Supplementary material
The supplementary material for this article can be found at https://doi.org/10.1017/S0007485323000160
Acknowledgments
We thank Christer Hansson for his advice on Asecodes sp. and Neochrysocharis okazakii; Kees van Achterberg for his advice on Opius taxonomy; Wanxue Liu for his advice on Chrysocharis pubicornis and Neochrysocharis okazakii; John Duff for parasitoid samples from Queensland; Markus Knapp for the sample of Diglyphus isaea from the Koppert BV culture; Zhixing Lin and Roger Curtain for technical advice and assistance with SEM at the Bio21 Advanced Microscopy Facility (The University of Melbourne).

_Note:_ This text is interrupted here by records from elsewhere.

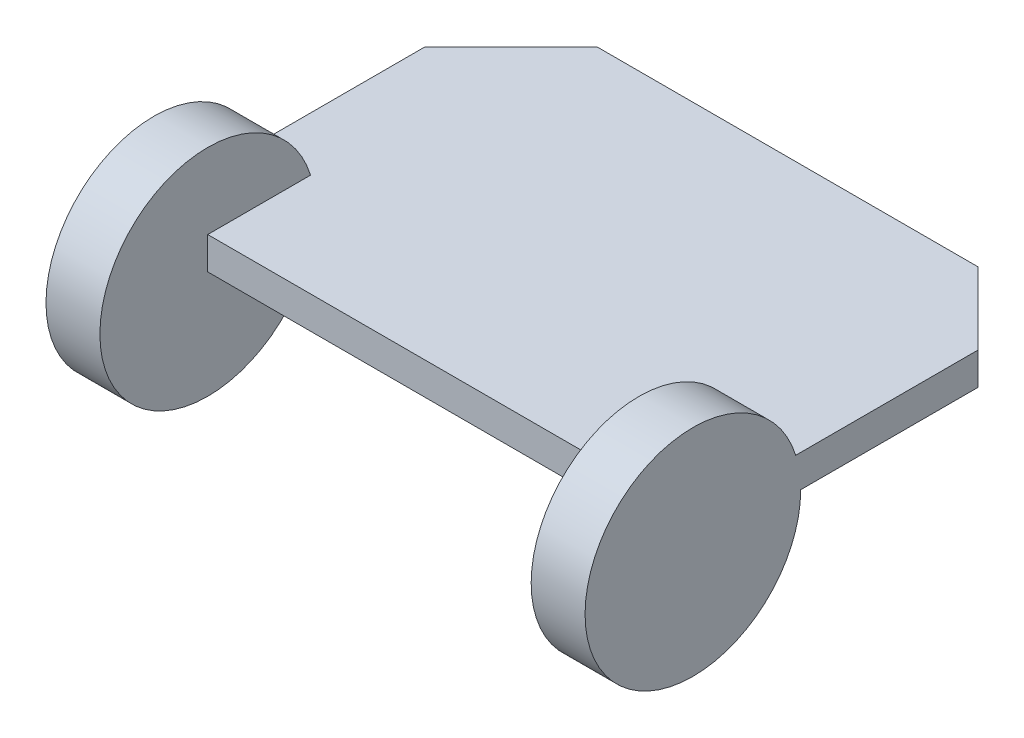
SolidWorks part; units mm, degrees
ref_plane "Front Plane" through (0, 0, 0) normal (0, 0, 1) x (1, 0, 0)
ref_plane "Top Plane" through (0, 0, 0) normal (0, 1, 0) x (1, 0, 0)
ref_plane "Right Plane" through (0, 0, 0) normal (1, 0, 0) x (0, 0, -1)
sketch "Sketch12" plane through (0, 0, 0) normal (0, 1, 0) x (1, 0, 0)
  line L0 (0, 25.137) -> (7.9923, 33.1293)
  line L1 (0, 0) -> (50, 0)
  line L2 (0, 0) -> (0, 25.137)
  line L3 (7.9923, 33.1293) -> (43.3154, 33.1293)
  line L4 (50, 0) -> (50, 26.4447)
  line L5 (43.3154, 33.1293) -> (50, 26.4447)
  line L7 (0, 0) -> (5, 0)
  line L8 (0, 0) -> (0, 20)
  line L9 (0, 20) -> (5, 20)
  line L10 (5, 0) -> (5, 20)
  line L11 (50, 0) -> (45, 0)
  line L12 (50, 0) -> (50, 20)
  line L13 (50, 20) -> (45, 20)
  line L14 (45, 0) -> (45, 20)
  point P1 (50, 33.1293)
  point P2 (0, 33.1293)
  point P15 (0, 0)
  point P16 (0, 0)
  point P17 (0, 0)
extrude "Boss-Extrude3" add sketch "Sketch12" along normal blind 3 contours L1 L14 L13 L4 L5 L3 L0 L2 L9 L10 | L14 L1 L4 L13 | L1 L10 L9 L2
sketch "Sketch13" plane through (0, 0, 0) normal (-1, 0, 0) x (0, 0, 1)
  circle A0 centre (0, 0) radius 10
extrude "Boss-Extrude4" add sketch "Sketch13" against normal blind 5
sketch "Sketch14" plane through (50, 0, 0) normal (1, 0, 0) x (0, 0, -1)
  circle A0 centre (0, 0) radius 10
extrude "Boss-Extrude6" add sketch "Sketch14" against normal blind 5
sketch "Bend-Lines1" [suppressed] plane through (0, 0, 0) normal (0, 1, 0) x (1, 0, 0)
sketch "Bounding-Box1" [suppressed] plane through (0, 0, 0) normal (0, 1, 0) x (1, 0, 0)
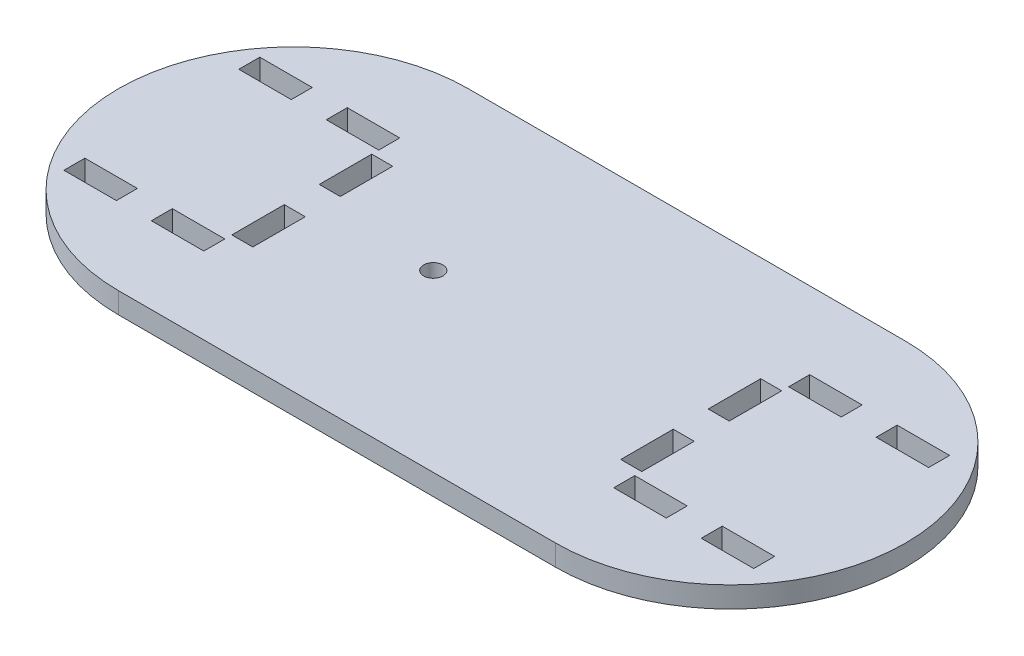
SolidWorks part; units mm, degrees
material "6061-T6 (SS)"
ref_plane "Alzado" through (0, 0, 0) normal (0, 0, 1) x (1, 0, 0)
ref_plane "Planta" through (0, 0, 0) normal (0, 1, 0) x (1, 0, 0)
ref_plane "Vista lateral" through (0, 0, 0) normal (1, 0, 0) x (0, 0, -1)
sketch "Croquis1" plane through (0, 0, 0) normal (0, 1, 0) x (1, 0, 0)
  line L0 (-40, 50) -> (85, 50)
  line L1 (85, -50) -> (-40, -50)
  arc A0 (-40, 50) -> (-40, -50) centre (-40, 0) ccw
  arc A2 (85, 50) -> (85, -50) centre (85, 0) cw
  dimension "D1" = 100
  dimension "D2" = 50
  dimension "D3" = 85
  dimension "D4" = 40
extrude "Saliente-Extruir1" add sketch "Croquis1" along normal mid plane 6
hole_wizard "Taladro de margen para M51" positions "Croquis5" profile "Croquis6" hole size "M5" standard "Ansi Metric" end condition up to next
sketch "Croquis5" plane through (0, 3, 0) normal (0, 1, 0) x (1, 0, 0)
  point P0 (0, 0)
sketch "Croquis6" plane through (0, 3, 0) normal (1, 0, 0) x (0, 0, 1)
  line L0 (0, 0) -> (0, 6)
  line L1 (0, 6) -> (2.75, 6)
  line L2 (2.75, 6) -> (2.75, 0)
  line L5 (2.75, 0) -> (0, 0)
  line L11 (0, -6.35) -> (0, 107.95) construction
  dimension "Diámetro de taladro hasta el siguiente" = 5.5
  dimension "Profundidad de taladro hasta el siguiente" = 6
ref_plane "Plano1" through (21, 0, 0) normal (1, 0, 0) x (0, 0, -1)
sketch "Croquis7" plane through (0, -3, 0) normal (0, -1, 0) x (-1, 0, 0)
  line L0 (0, 0) -> (-135, 0) construction
  line L1 (-79.5937, -28) -> (-94.5937, -28)
  line L2 (-79.5937, -28) -> (-79.5937, -22)
  line L3 (-79.5937, -22) -> (-94.5937, -22)
  line L4 (-94.5937, -28) -> (-94.5937, -22)
  line L5 (-104.5937, -28) -> (-119.5937, -28)
  line L6 (-104.5937, -28) -> (-104.5937, -22)
  line L7 (-104.5937, -22) -> (-119.5937, -22)
  line L8 (-119.5937, -28) -> (-119.5937, -22)
  line L9 (-104.5937, 22) -> (-119.5937, 22)
  line L10 (-119.5937, 28) -> (-119.5937, 22)
  line L11 (-104.5937, 28) -> (-119.5937, 28)
  line L12 (-104.5937, 28) -> (-104.5937, 22)
  line L13 (-79.5937, 22) -> (-94.5937, 22)
  line L14 (-94.5937, 28) -> (-94.5937, 22)
  line L15 (-79.5937, 28) -> (-94.5937, 28)
  line L16 (-79.5937, 28) -> (-79.5937, 22)
  line L18 (-73.5937, -20) -> (-79.5937, -20)
  line L19 (-73.5937, -20) -> (-73.5937, -5)
  line L20 (-73.5937, -5) -> (-79.5937, -5)
  line L21 (-79.5937, -20) -> (-79.5937, -5)
  line L22 (-73.5937, 5) -> (-79.5937, 5)
  line L23 (-73.5937, 5) -> (-73.5937, 20)
  line L24 (-73.5937, 20) -> (-79.5937, 20)
  line L25 (-79.5937, 5) -> (-79.5937, 20)
  arc A0 (-85, 50) -> (-85, -50) centre (-85, 0) ccw construction
extrude "Cortar-Extruir1" cut sketch "Croquis7" against normal through all
mirror "Simetría1" about plane through (21, 0, 0) normal (1, 0, 0) of "Cortar-Extruir1"
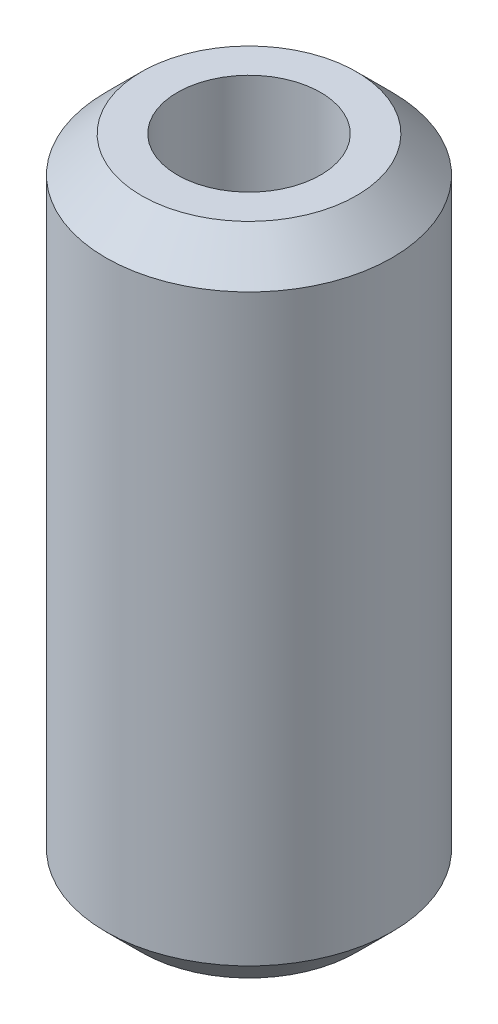
SolidWorks part; units mm, degrees
ref_plane "Спереди" through (0, 0, 0) normal (0, 0, 1) x (1, 0, 0)
ref_plane "Сверху" through (0, 0, 0) normal (0, 1, 0) x (1, 0, 0)
ref_plane "Справа" through (0, 0, 0) normal (1, 0, 0) x (0, 0, -1)
sketch "Эскиз1" plane through (0, 0, 0) normal (0, 1, 0) x (1, 0, 0)
  circle A0 centre (0, 0) radius 2
  circle A1 centre (0, 0) radius 4
  dimension "D1" = 4
  dimension "D2" = 8
extrude "Бобышка-Вытянуть1" add sketch "Эскиз1" along normal blind 18.3
chamfer "Фаска1" distance 1 angle 45 2 edges at (0, 0, 4) (0, 18.3, 4)
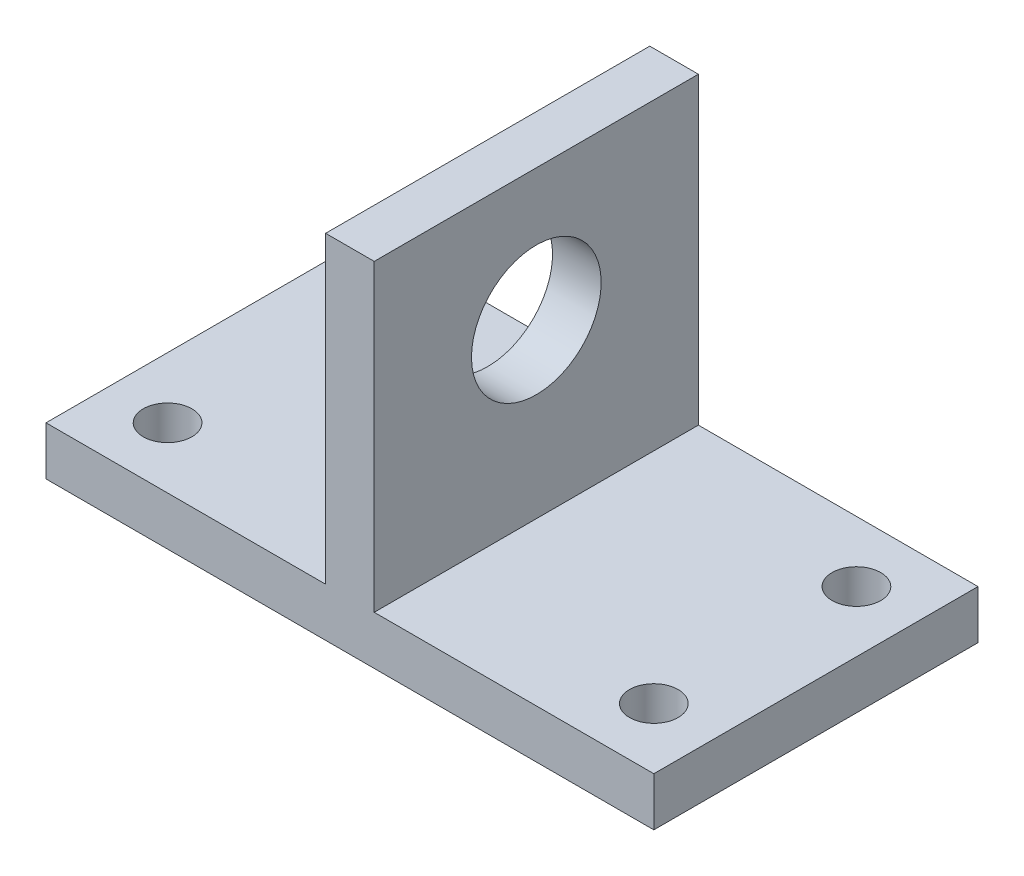
SolidWorks part; units mm, degrees
material "AISI 1020"
ref_plane "Plano frontal" through (0, 0, 0) normal (0, 0, 1) x (1, 0, 0)
ref_plane "Plano superior" through (0, 0, 0) normal (0, 1, 0) x (1, 0, 0)
ref_plane "Plano direito" through (0, 0, 0) normal (1, 0, 0) x (0, 0, -1)
sketch "Esboço1" plane through (0, 0, 0) normal (0, 1, 0) x (1, 0, 0)
  line L1 (-75, 40) -> (75, 40)
  line L2 (-75, 40) -> (-75, -40)
  line L3 (-75, -40) -> (75, -40)
  line L4 (75, 40) -> (75, -40)
  line L5 (-75, 40) -> (75, -40) construction
  line L6 (-75, -40) -> (75, 40) construction
  circle A0 centre (-60, 25) radius 6
  circle A1 centre (-60, -25) radius 6
  circle A2 centre (60, 25) radius 6
  circle A3 centre (60, -25) radius 6
  point P0 (0, 0)
  dimension "D3" = 12
  dimension "D4" = 12
  dimension "D5" = 12
  dimension "D6" = 12
  dimension "D9" = 120
  dimension "D10" = 15
  dimension "D11" = 15
  dimension "D12" = 15
  dimension "D13" = 15
  dimension "D14" = 120
  dimension "D1" = 150
  dimension "D2" = 80
  dimension "D7" = 50
  dimension "D8" = 50
extrude "Ressalto-extrusão1" add sketch "Esboço1" along normal blind 12
sketch "Esboço2" plane through (0, 12, 0) normal (0, 1, 0) x (1, 0, 0)
  line L0 (-75, -40) -> (75, -40) construction
  line L1 (-6, 40) -> (6, 40)
  line L2 (-6, 40) -> (-6, -40)
  line L3 (-6, -40) -> (6, -40)
  line L4 (6, 40) -> (6, -40)
  line L5 (-6, 40) -> (6, -40) construction
  line L6 (-6, -40) -> (6, 40) construction
  point P0 (0, 0)
  dimension "D1" = 12
extrude "Ressalto-extrusão2" add sketch "Esboço2" along normal blind 75
sketch "Esboço3" plane through (-6, 0, 0) normal (-1, 0, 0) x (0, 0, 1)
  line L0 (-40, 87) -> (-40, 12) construction
  line L3 (-40, 87) -> (40, 87) construction
  circle A0 centre (0, 54.5) radius 16
  dimension "D1" = 32
  dimension "D2" = 40
  dimension "D3" = 32.5
extrude "Corte-extrusão1" cut sketch "Esboço3" against normal through all
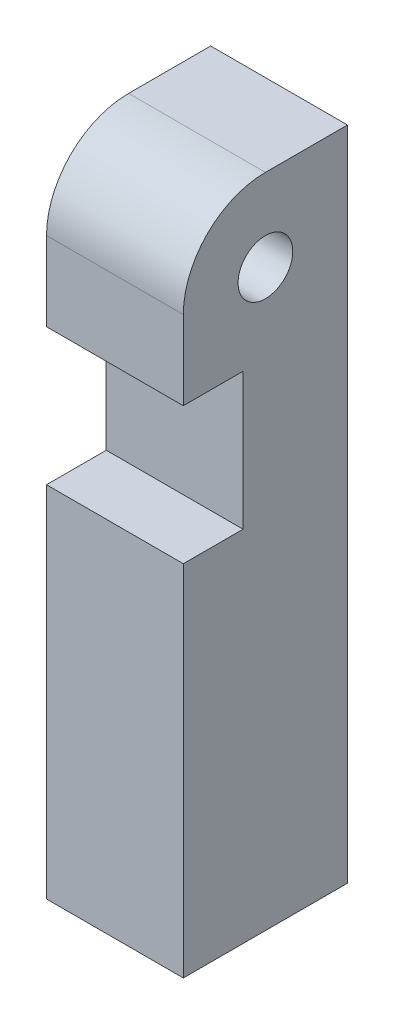
SolidWorks part; units mm, degrees
ref_plane "Front Plane" through (0, 0, 0) normal (0, 0, 1) x (1, 0, 0)
ref_plane "Top Plane" through (0, 0, 0) normal (0, 1, 0) x (1, 0, 0)
ref_plane "Right Plane" through (0, 0, 0) normal (1, 0, 0) x (0, 0, -1)
sketch "Elevator Paddle" plane through (0, 0, 0) normal (1, 0, 0) x (0, 0, -1)
  line L0 (3.81, 3.81) -> (3.81, -26.67)
  line L1 (3.81, -26.67) -> (-3.81, -26.67)
  line L2 (-3.81, -26.67) -> (-3.81, -10.016)
  line L3 (-6.4983, 38.1) -> (3.6147, 38.1)
  line L4 (3.81, 3.81) -> (0, 3.81)
  line L5 (-3.81, -3.666) -> (-1.0375, -3.666)
  line L6 (-1.0375, -3.666) -> (-1.0375, -10.016)
  line L7 (-1.0375, -10.016) -> (-3.81, -10.016)
  line L8 (-3.81, -3.666) -> (-3.81, 0)
  line L9 (1.735, 3.81) -> (1.735, -26.67) construction
  line L10 (-3.81, -12.8389) -> (1.735, -12.8389) construction
  line L11 (-1.0375, -10.016) -> (-1.0375, -12.8389) construction
  circle A0 centre (0, 0) radius 1.27
  arc A1 (0, 3.81) -> (-3.81, 0) centre (0, 0) ccw
  point P17 (-1.0375, -12.8389)
  dimension "D3" = 2.54
  dimension "D1" = 2.54
  dimension "D2" = 2.54
  dimension "D4" = 25.4
  dimension "D6" = 2.7725
  dimension "D7" = 2.54
  dimension "D5" = 6.35
  dimension "D8" = 2.075
extrude "Boss-Extrude1" add sketch "Elevator Paddle" along normal blind 6.35
equation "\"Ball Diameter\"= 1.75in"
equation "\"Sheet Thickness\"= 0.25in"
equation "\"Screw Diameter\"= .17in"
equation "\"Robot Diameter\"= 14in"
equation "\"Castor Screw Diameter\"= 0.22in"
equation "\"Wheel Diameter\" = 4in"
equation "\"Nut Diameter\" = 8.4mm"
equation "\"Nut Height\" = 2.9mm"
equation "\"Screw Height\" = 0.55in"
equation "\"D1@Boss-Extrude1\"=\"Sheet Thickness\""
equation "\"Pulley Diameter\" = 1in"
equation "\"Reactor Height\" = 14in"
equation "\"Elevator Height\" = 11.5in"
equation "\"Elevator Width\" = \"Ball Diameter\" + 0.25in"
equation "\"Elevator Bearing Diameter\" = sqr(2*(\"Sheet Thickness\"^2)) + 0.2in"
equation "\"Elevator Axle Endcap Diameter\" = \"Pulley Diameter\" + 0.25in"
equation "\"Elevator Axle Length\" = \"Elevator Width\" + 8*\"Sheet Thickness\""
equation "\"Elevator Clearance from Axis\" = (\"Pulley Diameter\"/2) + \"Ball Diameter\" + 0.5in"
equation "\"D5@Elevator Paddle\"=\"Sheet Thickness\""
equation "\"D6@Elevator Paddle\"=\"Sheet Thickness\"/2"
equation "\"D8@Elevator Paddle\"=(\"Elevator Axle Endcap Diameter\"-\"Pulley Diameter\")/2 - 1.1mm"

We acknowledge Qiong Yang and Nancy Endersby-Harshman for technical advice and assistance with molecular experiments. We appreciate the thoughtful comments provided by two anonymous reviewers. This project was supported by the RD&E program for control, eradication and preparedness for vegetable leafminer (MT16004) and the management strategy for serpentine leafminer (Liriomyza huidobrensis) (MT20005), funded by Hort Innovation. Xuefen Xu acknowledges support from the David Hay Fund.
Conflict of interest
The author(s) declare no conflicts of interest.